----- Data section

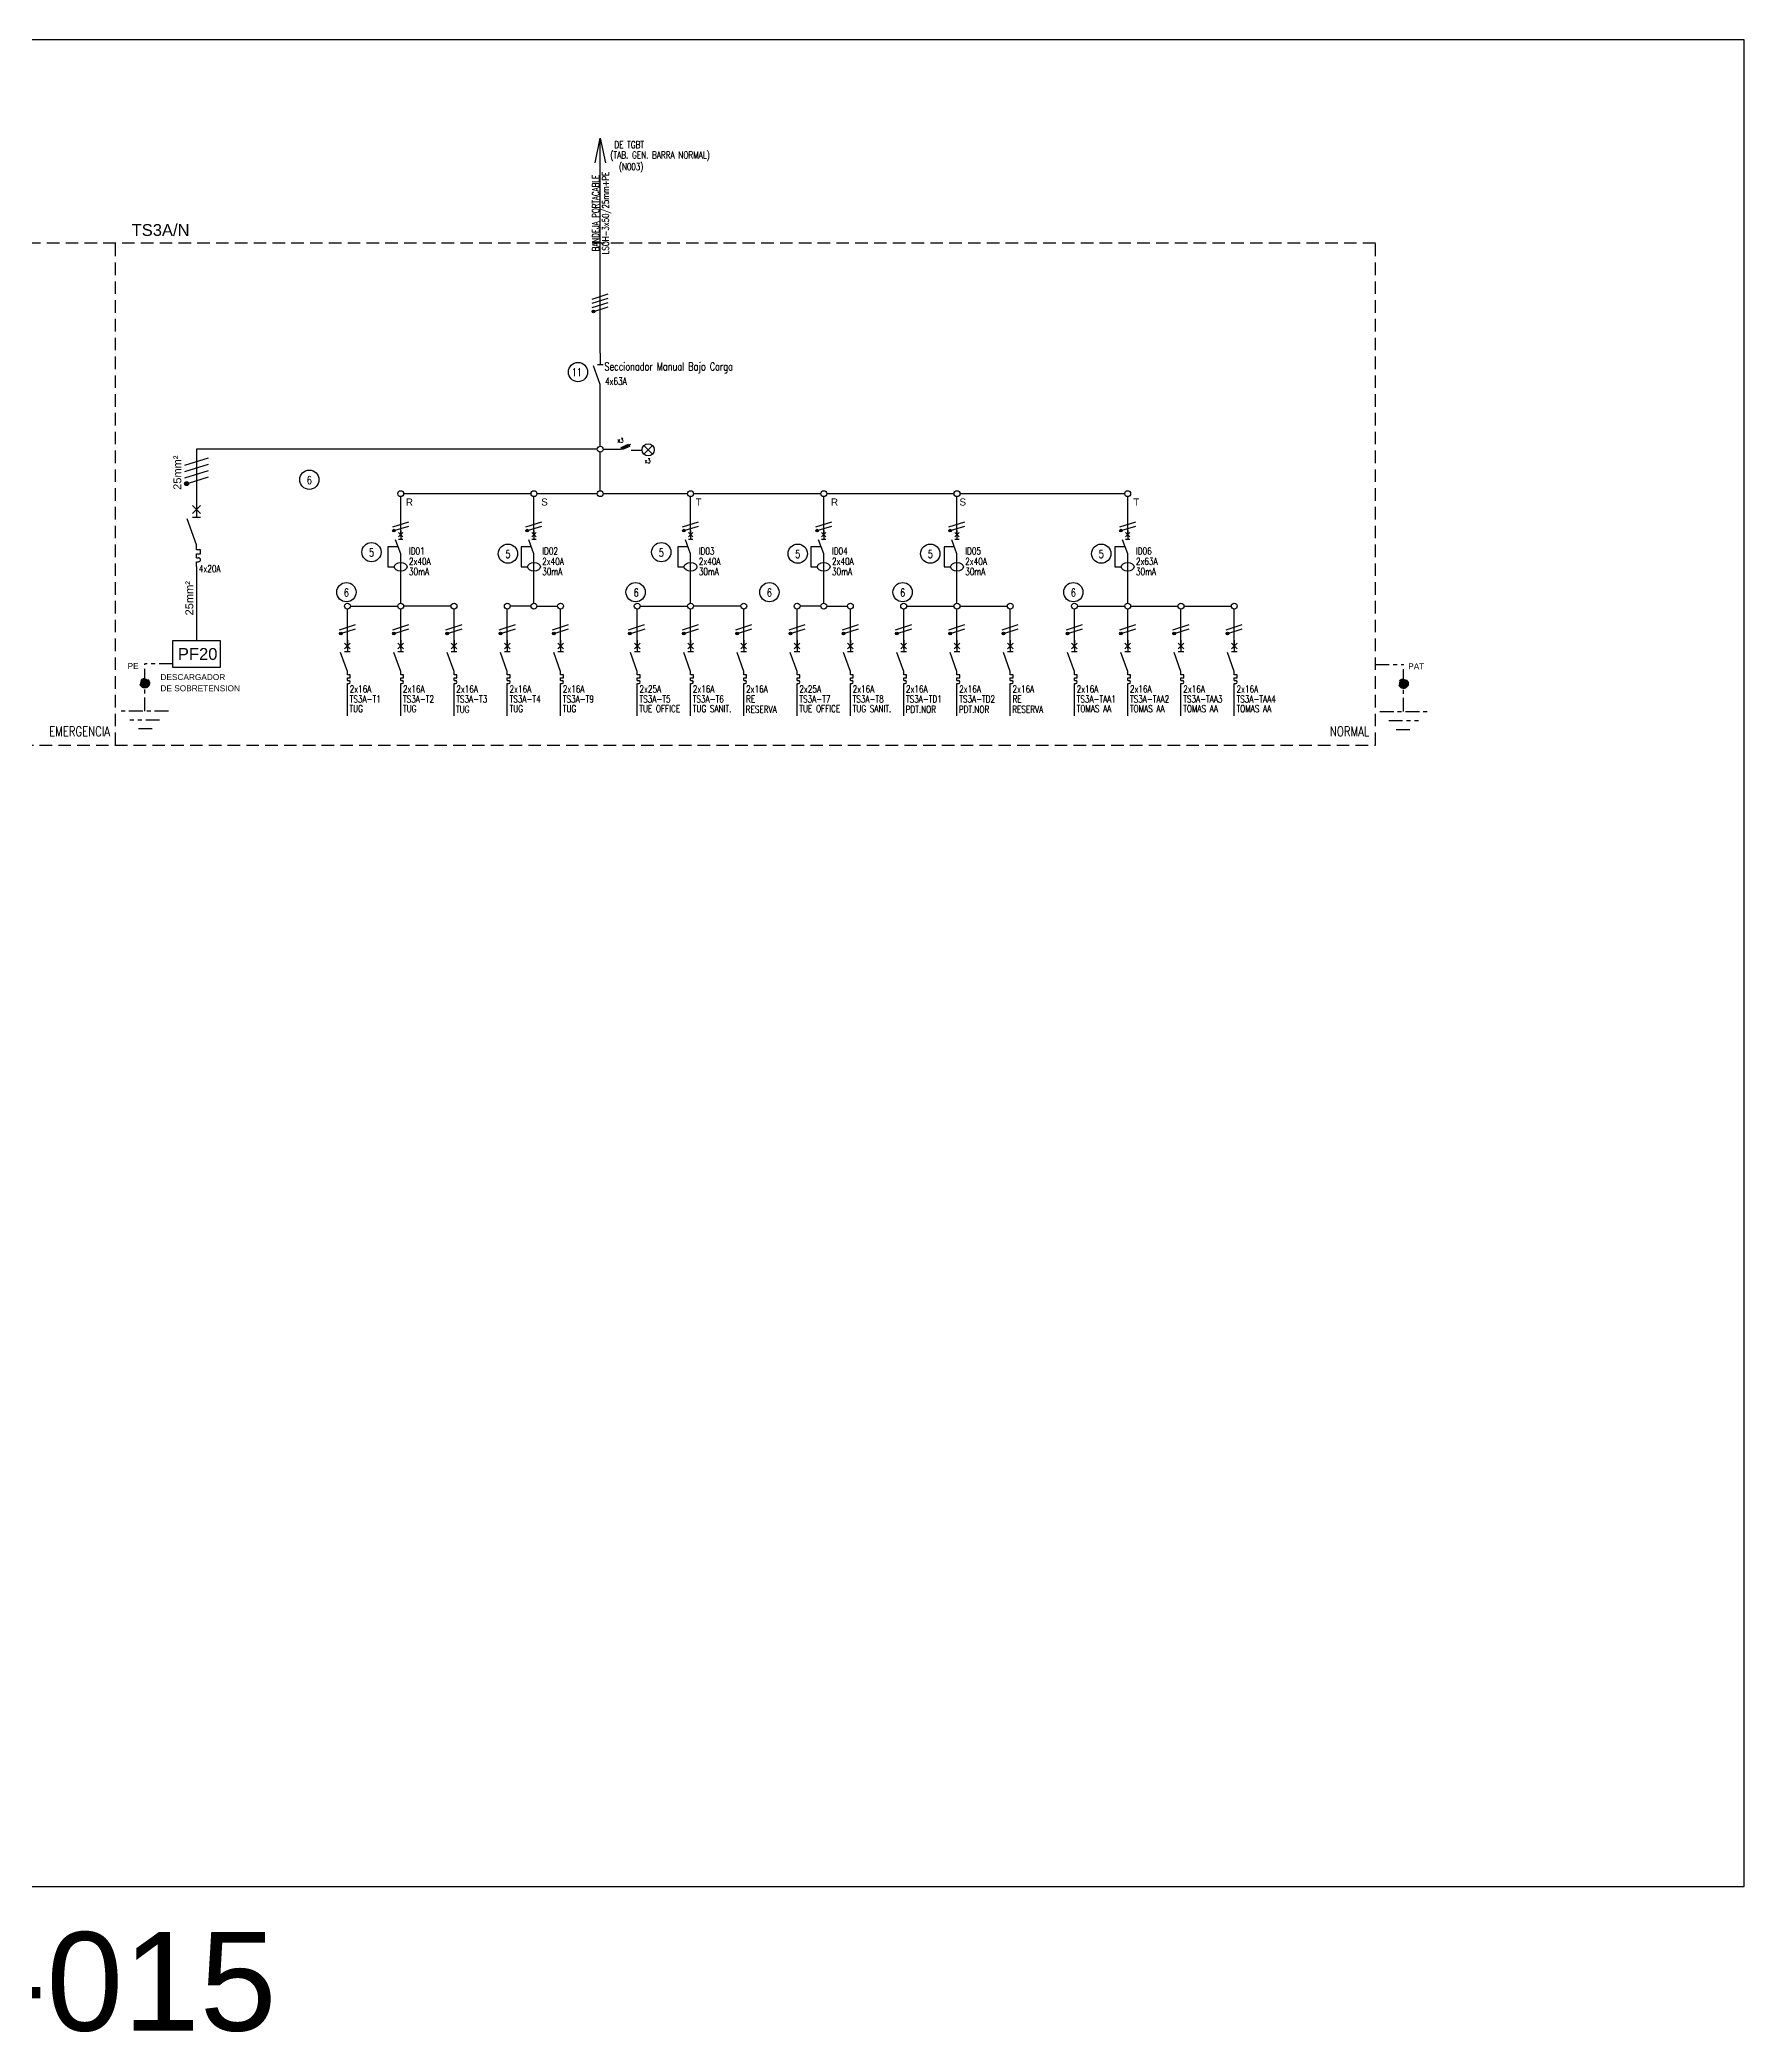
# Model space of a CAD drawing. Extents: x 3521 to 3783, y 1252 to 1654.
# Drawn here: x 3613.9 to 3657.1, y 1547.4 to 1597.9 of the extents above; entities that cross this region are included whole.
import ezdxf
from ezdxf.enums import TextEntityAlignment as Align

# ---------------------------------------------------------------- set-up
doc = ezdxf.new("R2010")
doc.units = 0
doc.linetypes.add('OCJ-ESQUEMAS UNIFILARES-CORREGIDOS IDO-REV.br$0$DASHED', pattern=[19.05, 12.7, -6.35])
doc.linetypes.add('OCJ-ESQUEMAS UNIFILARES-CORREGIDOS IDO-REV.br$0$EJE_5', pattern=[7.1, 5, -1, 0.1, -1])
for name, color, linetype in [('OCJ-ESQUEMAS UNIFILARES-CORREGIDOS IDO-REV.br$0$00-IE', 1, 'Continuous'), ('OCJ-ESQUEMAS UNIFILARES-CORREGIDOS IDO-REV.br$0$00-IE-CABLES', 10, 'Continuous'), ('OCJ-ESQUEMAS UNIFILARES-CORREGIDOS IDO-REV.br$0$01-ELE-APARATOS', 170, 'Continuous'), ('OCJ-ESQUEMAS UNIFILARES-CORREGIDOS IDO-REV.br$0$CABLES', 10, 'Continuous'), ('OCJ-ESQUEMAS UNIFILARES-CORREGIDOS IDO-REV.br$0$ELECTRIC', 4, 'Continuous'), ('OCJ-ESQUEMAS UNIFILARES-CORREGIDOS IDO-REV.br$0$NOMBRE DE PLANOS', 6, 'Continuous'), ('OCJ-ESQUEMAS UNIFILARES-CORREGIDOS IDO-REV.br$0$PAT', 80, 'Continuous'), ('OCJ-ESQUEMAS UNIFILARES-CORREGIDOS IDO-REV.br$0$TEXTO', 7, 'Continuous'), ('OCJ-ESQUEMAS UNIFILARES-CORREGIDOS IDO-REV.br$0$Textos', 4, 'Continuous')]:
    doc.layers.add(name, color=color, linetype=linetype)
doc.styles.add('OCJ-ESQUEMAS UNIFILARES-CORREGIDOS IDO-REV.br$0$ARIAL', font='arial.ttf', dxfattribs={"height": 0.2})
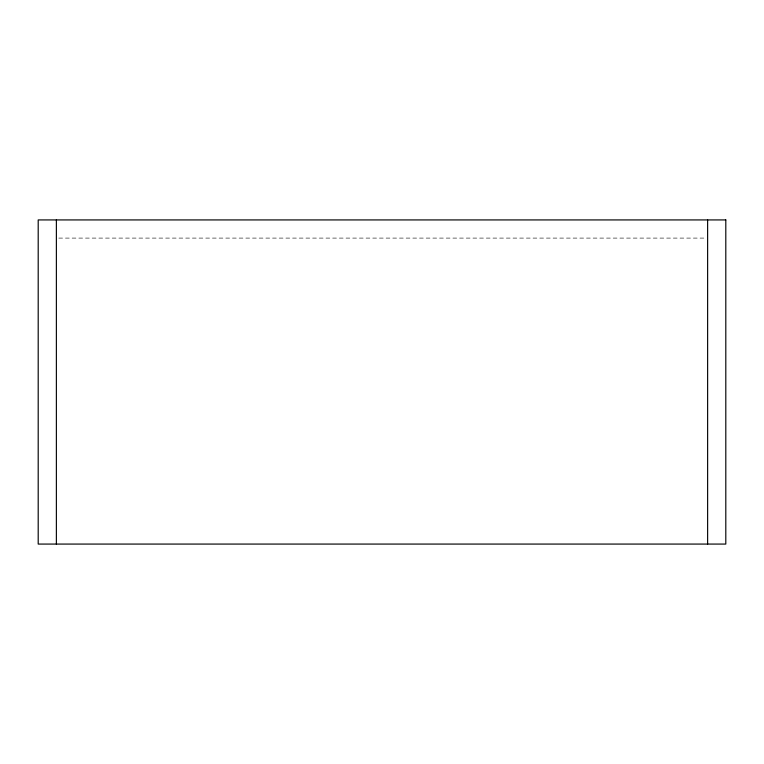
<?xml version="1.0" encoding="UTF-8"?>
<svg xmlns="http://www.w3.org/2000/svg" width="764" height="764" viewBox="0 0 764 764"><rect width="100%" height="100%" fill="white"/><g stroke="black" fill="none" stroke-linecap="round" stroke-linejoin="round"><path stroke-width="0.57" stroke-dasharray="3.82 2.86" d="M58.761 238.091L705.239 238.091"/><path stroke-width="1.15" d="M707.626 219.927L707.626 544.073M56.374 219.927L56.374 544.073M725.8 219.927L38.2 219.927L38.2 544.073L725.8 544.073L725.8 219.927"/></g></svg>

----------

■ **What you should do**: Among the lines of the listing above, which ones contain the word "linetypes"? Show them.

■ **Problem solution**:
doc.linetypes.add('OCJ-ESQUEMAS UNIFILARES-CORREGIDOS IDO-REV.br$0$DASHED', pattern=[19.05, 12.7, -6.35])
doc.linetypes.add('OCJ-ESQUEMAS UNIFILARES-CORREGIDOS IDO-REV.br$0$EJE_5', pattern=[7.1, 5, -1, 0.1, -1])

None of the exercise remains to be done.